Fans’ favourite Mayanti Langer will once again not host the I’m not Santa but you can sit on my lap shirt and I will buy this IPL as she wants to spend some more time with her little baby boy, whom she gave birth during the pandemic in September last year. Neroli Meadows, Anant Tyagi, Suren Sundaram, Dheeraj Juneja, Jatin Sapru, Bhavna Balakrishnan, Suhail Chandhok, Anubhav Jain, Radhakrishnan Sreenivasan, Muthuraman R, M Anand Srikrishna, Vindhya Vishaka, Reena Dsouza, Kiran Srinivasa, Madhu Mailankody, Tanya Purohit. This cringe worthy ad that has been running around during IPL matches, takes you back a decade when fairness creams were considered ‘cool’. When modern day actors like Abhay Deol have been calling out on fairness cream ads , Shahrukh Khan appears in this ad promoting fairness creams. Although this ad never explicitly talks about ‘getting fair’ and just talks about Fair and Handsome as something men should use on their rough skins, the proposition this ad becomes clear in the first ten seconds. A guy with a (fake) dark skin-tone, dances in the gym while applying a rather ‘feminine fairness cream’ who is then offered Fair & Handsome by SRK, which changes the guys skin tone to ‘fair’.
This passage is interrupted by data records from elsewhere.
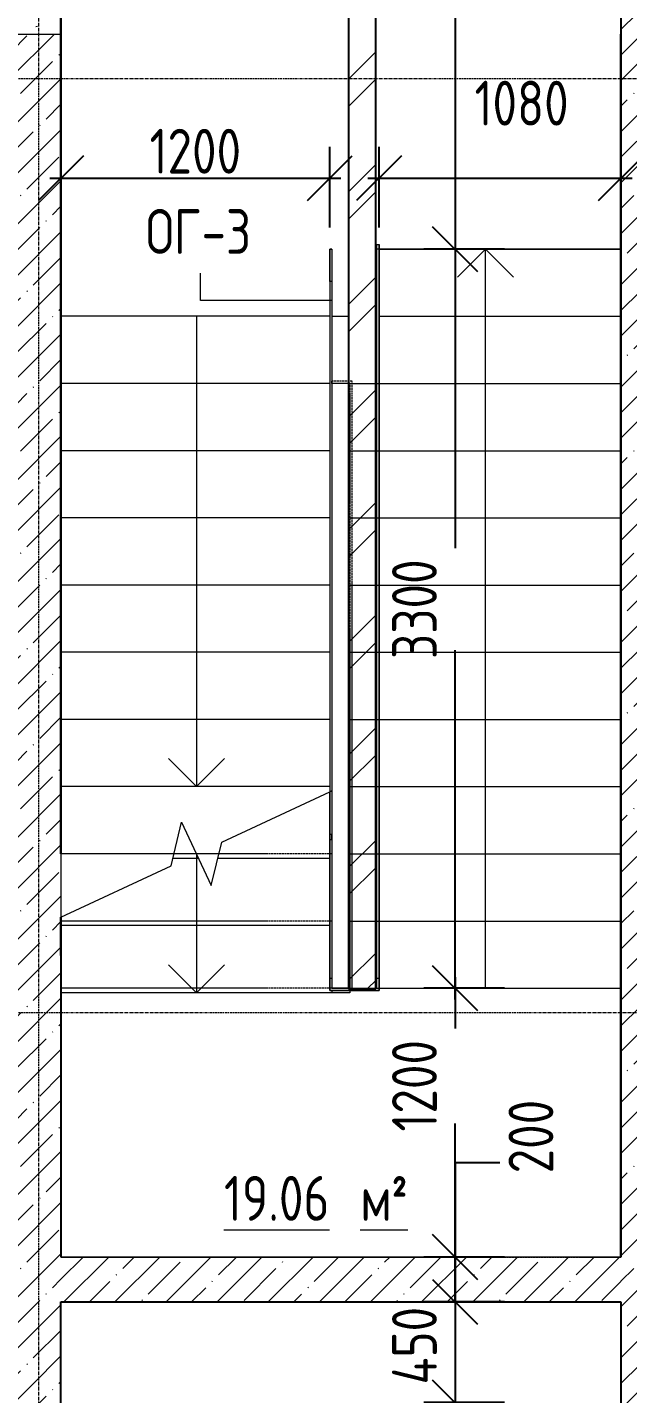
# Model space of a CAD drawing. Header units: millimetres. Extents: x -11854 to 4360091, y -19344 to 4989148.
# Drawn here: x 35493 to 38173, y 16847 to 22947 of the extents above; entities that cross this region are included whole.
import ezdxf

# ---------------------------------------------------------------- set-up
doc = ezdxf.new("R2010")
doc.units = ezdxf.units.MM
doc.linetypes.add('Линия сетки', pattern=[22.225, 12.7, -3.175, 3.175, -3.175])
doc.linetypes.add('Сверху', pattern=[3.96875, 2.38125, -1.5875])
doc.layers.get('0').update_dxf_attribs({"color": 254})
doc.layers.get('Defpoints').update_dxf_attribs({"color": 254})
for name, color, linetype, lineweight in [('_Сверху_ - Верхние поручни', 254, 'Сверху', 9), ('A-ANNO-DIMS', 254, 'Continuous', 9), ('A-AREA-IDEN', 254, 'Continuous', 9), ('A-FLOR', 254, 'Continuous', 9), ('A-FLOR-HRAL-IDEN', 254, 'Continuous', 9), ('A-WALL', 254, 'Continuous', 9), ('S-GRID', 254, 'Continuous', 9), ('S-STRS', 254, 'Continuous', 9), ('S-STRS-ANNO', 254, 'Continuous', 9), ('S-STRS-MBND', 254, 'Сверху', 9), ('Балясины', 254, 'Continuous', 18), ('Верхние поручни', 254, 'Continuous', 9)]:
    doc.layers.add(name, color=color, linetype=linetype, lineweight=lineweight)
doc.styles.add('ISOCPEUR', font='isocpeur.ttf', dxfattribs={"width": 0.8, "height": 200})
doc.styles.add('ISOCPEUR_B', font='', dxfattribs={"width": 0.8, "height": 200})
doc.styles.add('ISOCPEUR_B_1', font='', dxfattribs={"width": 0.8, "height": 200})
doc.styles.get('ISOCPEUR_B').set_extended_font_data('ISOCPEUR', bold=True)
doc.styles.get('ISOCPEUR_B_1').set_extended_font_data('ISOCPEUR', bold=True)
doc.dimstyles.new('2_0_мм_ISOCPEUR', dxfattribs={"dimscale": 304.8, "dimtxt": 199.196235, "dimasz": 0.656168, "dimexe": 0.459318, "dimexo": 0.625, "dimgap": 0.065617, "dimtad": 1, "dimdec": 0, "dimtxsty": 'ISOCPEUR', "dimblk1": 'OBLIQUE', "dimblk2": 'OBLIQUE', "dimsah": 1, "dimcen": 2.5, "dimdle": 0.164042, "dimazin": 3, "dimtfac": 1, "dimtix": 1, "dimtmove": 0, "dimatfit": 3, "dimfxl": 0.787402, "dimfxlon": 1, "dimtvp": 1, "dimarcsym": 2})
doc.dimstyles.new('2_0_мм_ISOCPEUR_1', dxfattribs={"dimscale": 304.8, "dimtxt": 199.196235, "dimasz": 0.656168, "dimexe": 0.459318, "dimexo": 0.625, "dimgap": 0.065617, "dimtad": 1, "dimdec": 0, "dimtxsty": 'ISOCPEUR', "dimblk1": 'OBLIQUE', "dimblk2": 'OBLIQUE', "dimsah": 1, "dimcen": 2.5, "dimdle": 0.164042, "dimazin": 3, "dimtfac": 1, "dimtix": 1, "dimtmove": 1, "dimatfit": 3, "dimfxl": 0.787402, "dimfxlon": 1, "dimtvp": 1, "dimarcsym": 2})
pattern_1 = [(45, (542041.67, 20914.14), (-114.049253, 114.049253), []), (45, (542155.72, 20914.14), (-114.049253, 114.049253), [201.613, -40.323, 3.353, -36.97])]

# ---------------------------------------------------------------- blocks, each defined once
blk = doc.blocks.new('Тип верхнего поручня - Верхний поручень_Внутренний_-4581880-1В')
at = {"layer": 'Верхние поручни'}
for p, q in [((-428369.1, -27225.3), (-428359.1, -27225.2)), ((-428368.9, -27245.3), (-428369.1, -27225.3)), ((-428358.9, -27245.2), (-428368.9, -27245.3)), ((-428339.3, -30500.1), (-428368.9, -27245.3)), ((-428359.1, -27225.2), (-428358.9, -27245.2)), ((-428358.9, -27245.2), (-428329.3, -30500)), ((-428549.3, -30502), (-428556.9, -29669.6)), ((-428546.9, -29664.9), (-428539.3, -30502)), ((-428549.3, -30502), (-428539.3, -30502)), ((-428548.8, -30557), (-428549.3, -30502)), ((-428493.8, -30556.5), (-428548.8, -30557)), ((-428539.3, -30502), (-428538.9, -30547)), ((-428538.9, -30547), (-428493.9, -30546.5)), ((-428493.9, -30546.5), (-428464.9, -30546.3)), ((-428383.8, -30555.5), (-428493.8, -30556.5)), ((-428383.8, -30555.5), (-428383.9, -30546.5)), ((-428328.8, -30555), (-428383.8, -30555.5)), ((-428342.9, -30545.2), (-428338.9, -30545.1)), ((-428339.3, -30500.1), (-428329.3, -30500)), ((-428338.9, -30545.1), (-428339.3, -30500.1)), ((-428329.3, -30500), (-428328.8, -30555))]:
    blk.add_line(p, q, dxfattribs=at)
blk = doc.blocks.new('Тип верхнего поручня - Верхний поручень_Внутренний_-V5-1В')
at = {"layer": 'Верхние поручни'}
for p, q in [((-428369.1, -27225.3), (-428359.1, -27225.2)), ((-428368.9, -27245.3), (-428369.1, -27225.3)), ((-428339.3, -30500.1), (-428368.9, -27245.3)), ((-428358.9, -27245.2), (-428359.1, -27225.2)), ((-428329.3, -30500), (-428358.9, -27245.2)), ((-428556.9, -29669.6), (-428549.3, -30502)), ((-428546.9, -29664.9), (-428539.3, -30502)), ((-428549.3, -30502), (-428548.8, -30557)), ((-428548.8, -30557), (-428383.8, -30555.5)), ((-428539.3, -30502), (-428538.9, -30547)), ((-428538.9, -30547), (-428464.9, -30546.3)), ((-428383.8, -30555.5), (-428328.8, -30555)), ((-428342.9, -30545.2), (-428338.9, -30545.1)), ((-428338.9, -30545.1), (-428339.3, -30500.1)), ((-428328.8, -30555), (-428329.3, -30500))]:
    blk.add_line(p, q, dxfattribs=at)
blk = doc.blocks.new('Ограждение - 25  мм-4441733-1В')
at = {"layer": 'Балясины'}
for p, q in [((2.5, 12.5), (-2.5, 12.5)), ((-2.5, 12.5), (-2.5, -12.5)), ((2.5, -12.5), (2.5, 12.5)), ((-2.5, -12.5), (2.5, -12.5))]:
    blk.add_line(p, q, dxfattribs=at)
blk = doc.blocks.new('Ограждение - Ограждение-4615268-1В')
at = {"extrusion": (0, 0, -1), "zscale": -1, "rotation": 359.4783850228278}
blk.add_blockref('Ограждение - 25  мм-4441733-1В', (428550.1, -29872), dxfattribs=at)
blk = doc.blocks.new('Тип верхнего поручня - Верхний поручень_Внутренний_-4615296-1В')
at = {"layer": 'Верхние поручни'}
for p, q in [((-428578.9, -27247.2), (-428569, -27247.1)), ((-428577.6, -27392.3), (-428578.9, -27247.2)), ((-428569, -27247.1), (-428567.6, -27392.2)), ((-428567.6, -27392.2), (-428577.6, -27392.3))]:
    blk.add_line(p, q, dxfattribs=at)
blk = doc.blocks.new('Тип верхнего поручня - Верхний поручень_Внутренний_-V6-1В')
at = {"layer": '_Сверху_ - Верхние поручни'}
for p, q in [((-428472.8, -27836.2), (-428563.6, -27837.1)), ((-428563.5, -27847.1), (-428563.6, -27837.1)), ((-428482.7, -27846.3), (-428563.5, -27847.1)), ((-428482.3, -27891.3), (-428482.7, -27846.3)), ((-428472.3, -27891.2), (-428472.8, -27836.2)), ((-428458.1, -30546.2), (-428482.3, -27891.3)), ((-428448, -30556.1), (-428472.3, -27891.2)), ((-428556.9, -29669.6), (-428549.3, -30502)), ((-428546.9, -29664.9), (-428539.3, -30501.9)), ((-428549.3, -30502), (-428548.8, -30557)), ((-428548.8, -30557), (-428448, -30556.1)), ((-428539.3, -30501.9), (-428538.9, -30546.9)), ((-428538.9, -30546.9), (-428458.1, -30546.2))]:
    blk.add_line(p, q, dxfattribs=at)
at = {"layer": 'Верхние поручни'}
for p, q in [((-428569, -27247.1), (-428578.9, -27247.2)), ((-428578.9, -27247.2), (-428556.9, -29669.6)), ((-428569, -27247.1), (-428546.9, -29664.9)), ((-428556.9, -29669.6), (-428546.9, -29664.9))]:
    blk.add_line(p, q, dxfattribs=at)
blk = doc.blocks.new('_Oblique')
at = {"color": 0, "linetype": 'ByBlock', "lineweight": -2}
blk.add_line((-0.5, -0.5), (0.5, 0.5), dxfattribs=at)
blk = doc.blocks.new('*D867')
at = {"layer": 'A-ANNO-DIMS', "color": 0, "lineweight": -2, "transparency": 16777216}
for p, q in [((35642.6, 22053.4), (35642.6, 22414.3)), ((36842.6, 22053.4), (36842.6, 22414.3)), ((35592.6, 22274.3), (36892.6, 22274.3))]:
    blk.add_line(p, q, dxfattribs=at)
at = {"layer": 'Defpoints', "color": 0, "transparency": 16777216}
for p in [(36842.6, 22274.3), (35642.6, 22034.3), (36842.6, 22034.3)]:
    blk.add_point(p, dxfattribs=at)
at = {"layer": 'A-ANNO-DIMS', "color": 0, "lineweight": -2, "transparency": 16777216, "xscale": 200, "yscale": 200, "zscale": 200, "rotation": 180}
blk.add_blockref('_Oblique', (35642.6, 22274.3), dxfattribs=at)
at = {"layer": 'A-ANNO-DIMS', "color": 0, "lineweight": -2, "transparency": 16777216, "xscale": 200, "yscale": 200, "zscale": 200}
blk.add_blockref('_Oblique', (36842.6, 22274.3), dxfattribs=at)
at = {"layer": 'A-ANNO-DIMS', "color": 0, "transparency": 16777216, "insert": (36242.6, 22394.3), "char_height": 200, "width": 496.458, "attachment_point": 5, "style": 'ISOCPEUR'}
blk.add_mtext('\\A1;1200', dxfattribs=at)
blk = doc.blocks.new('*D868')
at = {"layer": 'A-ANNO-DIMS', "color": 0, "lineweight": -2, "transparency": 16777216}
for p, q in [((38142.6, 22495.3), (38142.6, 22134.3)), ((37062.6, 22053.4), (37062.6, 22414.3)), ((37012.6, 22274.3), (38192.6, 22274.3))]:
    blk.add_line(p, q, dxfattribs=at)
at = {"layer": 'Defpoints', "color": 0, "transparency": 16777216}
for p in [(38142.6, 22514.3), (38142.6, 22274.3), (37062.6, 22034.3)]:
    blk.add_point(p, dxfattribs=at)
at = {"layer": 'A-ANNO-DIMS', "color": 0, "lineweight": -2, "transparency": 16777216, "xscale": 200, "yscale": 200, "zscale": 200, "rotation": 180}
blk.add_blockref('_Oblique', (37062.6, 22274.3), dxfattribs=at)
at = {"layer": 'A-ANNO-DIMS', "color": 0, "lineweight": -2, "transparency": 16777216, "xscale": 200, "yscale": 200, "zscale": 200}
blk.add_blockref('_Oblique', (38142.6, 22274.3), dxfattribs=at)
at = {"layer": 'A-ANNO-DIMS', "color": 0, "transparency": 16777216, "insert": (37489, 22708.9), "char_height": 200, "width": 496.458, "attachment_point": 1, "line_spacing_factor": 1.149209, "style": 'ISOCPEUR'}
blk.add_mtext('\\A1;1080', dxfattribs=at)
blk = doc.blocks.new('*D870')
at = {"layer": 'A-ANNO-DIMS', "color": 0, "lineweight": -2, "transparency": 16777216}
for p, q in [((37402, 25467.4), (37402, 21907.4)), ((37623, 25417.4), (37262, 25417.4)), ((37623, 21957.4), (37262, 21957.4))]:
    blk.add_line(p, q, dxfattribs=at)
at = {"layer": 'Defpoints', "color": 0, "transparency": 16777216}
for p in [(37642, 25417.4), (37402, 21957.4), (37642, 21957.4)]:
    blk.add_point(p, dxfattribs=at)
at = {"layer": 'A-ANNO-DIMS', "color": 0, "lineweight": -2, "transparency": 16777216, "xscale": 200, "yscale": 200, "zscale": 200}
for p, rotation in [((37402, 25417.4), 90), ((37402, 21957.4), 270)]:
    blk.add_blockref('_Oblique', p, dxfattribs=dict(at, rotation=rotation))
at = {"layer": 'A-ANNO-DIMS', "color": 0, "transparency": 16777216, "insert": (37282, 23687.4), "char_height": 200, "width": 551.62, "attachment_point": 5, "rotation": 90, "style": 'ISOCPEUR'}
blk.add_mtext('\\A1;3460', dxfattribs=at)
blk = doc.blocks.new('*D871')
at = {"layer": 'A-ANNO-DIMS', "color": 0, "lineweight": -2, "transparency": 16777216}
for p, q in [((37402, 22007.4), (37402, 20622.3)), ((37623, 21957.4), (37262, 21957.4)), ((37402, 18607.4), (37402, 20166.3)), ((37623, 18657.4), (37262, 18657.4))]:
    blk.add_line(p, q, dxfattribs=at)
at = {"layer": 'Defpoints', "color": 0, "transparency": 16777216}
for p in [(37642, 21957.4), (37402, 18657.4), (37642, 18657.4)]:
    blk.add_point(p, dxfattribs=at)
at = {"layer": 'A-ANNO-DIMS', "color": 0, "lineweight": -2, "transparency": 16777216, "xscale": 200, "yscale": 200, "zscale": 200}
for p, rotation in [((37402, 21957.4), 90), ((37402, 18657.4), 270)]:
    blk.add_blockref('_Oblique', p, dxfattribs=dict(at, rotation=rotation))
at = {"layer": 'A-ANNO-DIMS', "color": 0, "transparency": 16777216, "insert": (37120.7, 20127.6), "char_height": 200, "width": 533.233, "attachment_point": 1, "rotation": 90, "line_spacing_factor": 1.149209, "style": 'ISOCPEUR'}
blk.add_mtext('\\A1;3300', dxfattribs=at)
blk = doc.blocks.new('*D872')
at = {"layer": 'A-ANNO-DIMS', "color": 0, "lineweight": -2, "transparency": 16777216}
for p, q in [((37402, 18707.4), (37402, 18477.9)), ((37623, 18657.4), (37262, 18657.4)), ((37402, 17407.4), (37402, 18053.9)), ((37623, 17457.4), (37262, 17457.4))]:
    blk.add_line(p, q, dxfattribs=at)
at = {"layer": 'Defpoints', "color": 0, "transparency": 16777216}
for p in [(37642, 18657.4), (37402, 17457.4), (37642, 17457.4)]:
    blk.add_point(p, dxfattribs=at)
at = {"layer": 'A-ANNO-DIMS', "color": 0, "lineweight": -2, "transparency": 16777216, "xscale": 200, "yscale": 200, "zscale": 200}
for p, rotation in [((37402, 18657.4), 90), ((37402, 17457.4), 270)]:
    blk.add_blockref('_Oblique', p, dxfattribs=dict(at, rotation=rotation))
at = {"layer": 'A-ANNO-DIMS', "color": 0, "transparency": 16777216, "insert": (37120.7, 18017.7), "char_height": 200, "width": 496.458, "attachment_point": 1, "rotation": 90, "line_spacing_factor": 1.149209, "style": 'ISOCPEUR'}
blk.add_mtext('\\A1;1200', dxfattribs=at)
blk = doc.blocks.new('*D873')
at = {"layer": 'A-ANNO-DIMS', "color": 0, "lineweight": -2, "transparency": 16777216}
for p, q in [((37602, 17877.4), (37402, 17877.4)), ((37402, 17877.4), (37402, 17457.4)), ((37402, 17507.4), (37402, 17207.4)), ((37623, 17457.4), (37262, 17457.4)), ((37623, 17257.4), (37262, 17257.4))]:
    blk.add_line(p, q, dxfattribs=at)
at = {"layer": 'Defpoints', "color": 0, "transparency": 16777216}
for p in [(37642, 17457.4), (37402, 17257.4), (37642, 17257.4)]:
    blk.add_point(p, dxfattribs=at)
at = {"layer": 'A-ANNO-DIMS', "color": 0, "lineweight": -2, "transparency": 16777216, "xscale": 200, "yscale": 200, "zscale": 200}
for p, rotation in [((37402, 17457.4), 90), ((37402, 17257.4), 270)]:
    blk.add_blockref('_Oblique', p, dxfattribs=dict(at, rotation=rotation))
at = {"layer": 'A-ANNO-DIMS', "color": 0, "transparency": 16777216, "insert": (37640.7, 17830.8), "char_height": 200, "width": 399.925, "attachment_point": 1, "rotation": 90, "line_spacing_factor": 1.149209, "style": 'ISOCPEUR'}
blk.add_mtext('\\A1;200', dxfattribs=at)
blk = doc.blocks.new('*D874')
at = {"layer": 'A-ANNO-DIMS', "color": 0, "lineweight": -2, "transparency": 16777216}
for p, q in [((37402, 17257.4), (37402, 17457.4)), ((37623, 17257.4), (37262, 17257.4)), ((37402, 17257.4), (37402, 16807.4)), ((37402, 17257.4), (37402, 16807.4)), ((37623, 16807.4), (37262, 16807.4)), ((37402, 16807.4), (37402, 16607.4))]:
    blk.add_line(p, q, dxfattribs=at)
at = {"layer": 'Defpoints', "color": 0, "transparency": 16777216}
for p in [(37642, 17257.4), (37402, 16807.4), (37642, 16807.4)]:
    blk.add_point(p, dxfattribs=at)
at = {"layer": 'A-ANNO-DIMS', "color": 0, "lineweight": -2, "transparency": 16777216, "xscale": 200, "yscale": 200, "zscale": 200}
for p, rotation in [((37402, 17257.4), 270), ((37402, 16807.4), 90)]:
    blk.add_blockref('_Oblique', p, dxfattribs=dict(at, rotation=rotation))
at = {"layer": 'A-ANNO-DIMS', "color": 0, "transparency": 16777216, "insert": (37120.7, 16888.5), "char_height": 200, "width": 418.312, "attachment_point": 1, "rotation": 90, "line_spacing_factor": 1.149209, "style": 'ISOCPEUR'}
blk.add_mtext('\\A1;450', dxfattribs=at)
blk = doc.blocks.new('*D875')
at = {"layer": 'A-ANNO-DIMS', "color": 0, "lineweight": -2, "transparency": 16777216}
for p, q in [((37402, 16857.4), (37402, 16617.4)), ((37623, 16807.4), (37262, 16807.4)), ((37623, 16667.4), (37262, 16667.4)), ((37402, 16467.4), (37402, 16667.4)), ((37202, 16467.4), (37402, 16467.4))]:
    blk.add_line(p, q, dxfattribs=at)
at = {"layer": 'Defpoints', "color": 0, "transparency": 16777216}
for p in [(37642, 16807.4), (37402, 16667.4), (37642, 16667.4)]:
    blk.add_point(p, dxfattribs=at)
at = {"layer": 'A-ANNO-DIMS', "color": 0, "lineweight": -2, "transparency": 16777216, "xscale": 200, "yscale": 200, "zscale": 200}
for p, rotation in [((37402, 16807.4), 90), ((37402, 16667.4), 270)]:
    blk.add_blockref('_Oblique', p, dxfattribs=dict(at, rotation=rotation))
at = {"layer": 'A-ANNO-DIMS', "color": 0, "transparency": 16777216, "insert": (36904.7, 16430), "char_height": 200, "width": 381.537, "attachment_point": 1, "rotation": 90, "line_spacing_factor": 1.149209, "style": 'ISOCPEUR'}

I’m not Santa but you can sit on my lap shirt, hoodie, tank top, sweater and long sleeve t-shirt
Given the I’m not Santa but you can sit on my lap shirt and I will buy this large number of people who have viewed this ad between overs during IPL games, it surely a regressive message being sent out which considers only fair skin attractive even amongst men. Also, Shahrukh Khan can do well to avoid promoting fairness creams, since now he is also hosting Ted talks that has a theme of ‘Nayi soch’, encouraging people to lap up novel ways of thinking. Hate with a passion. It’s bad enough that they’re inane, absurd, and downright stupid, but the unwanted interruptions are annoying. Most of all, I object to commercials because they are intentionally manipulative. They didn’t used to show so many of them. TV networks have increased the number of commercials they show in an hour and they only do it because they think you, the audience, will put up with it. of course they wouldn’t admit that if you asked them. They’d say they do it because it’s the only way they can afford to operate. Well, the reason they need so much to operate is because while in the 1970s the biggest stars on TV got less than a hundred thousand dollars per episode, in the 90s, every single lead actor on Friends got paid over a million dollars per episode!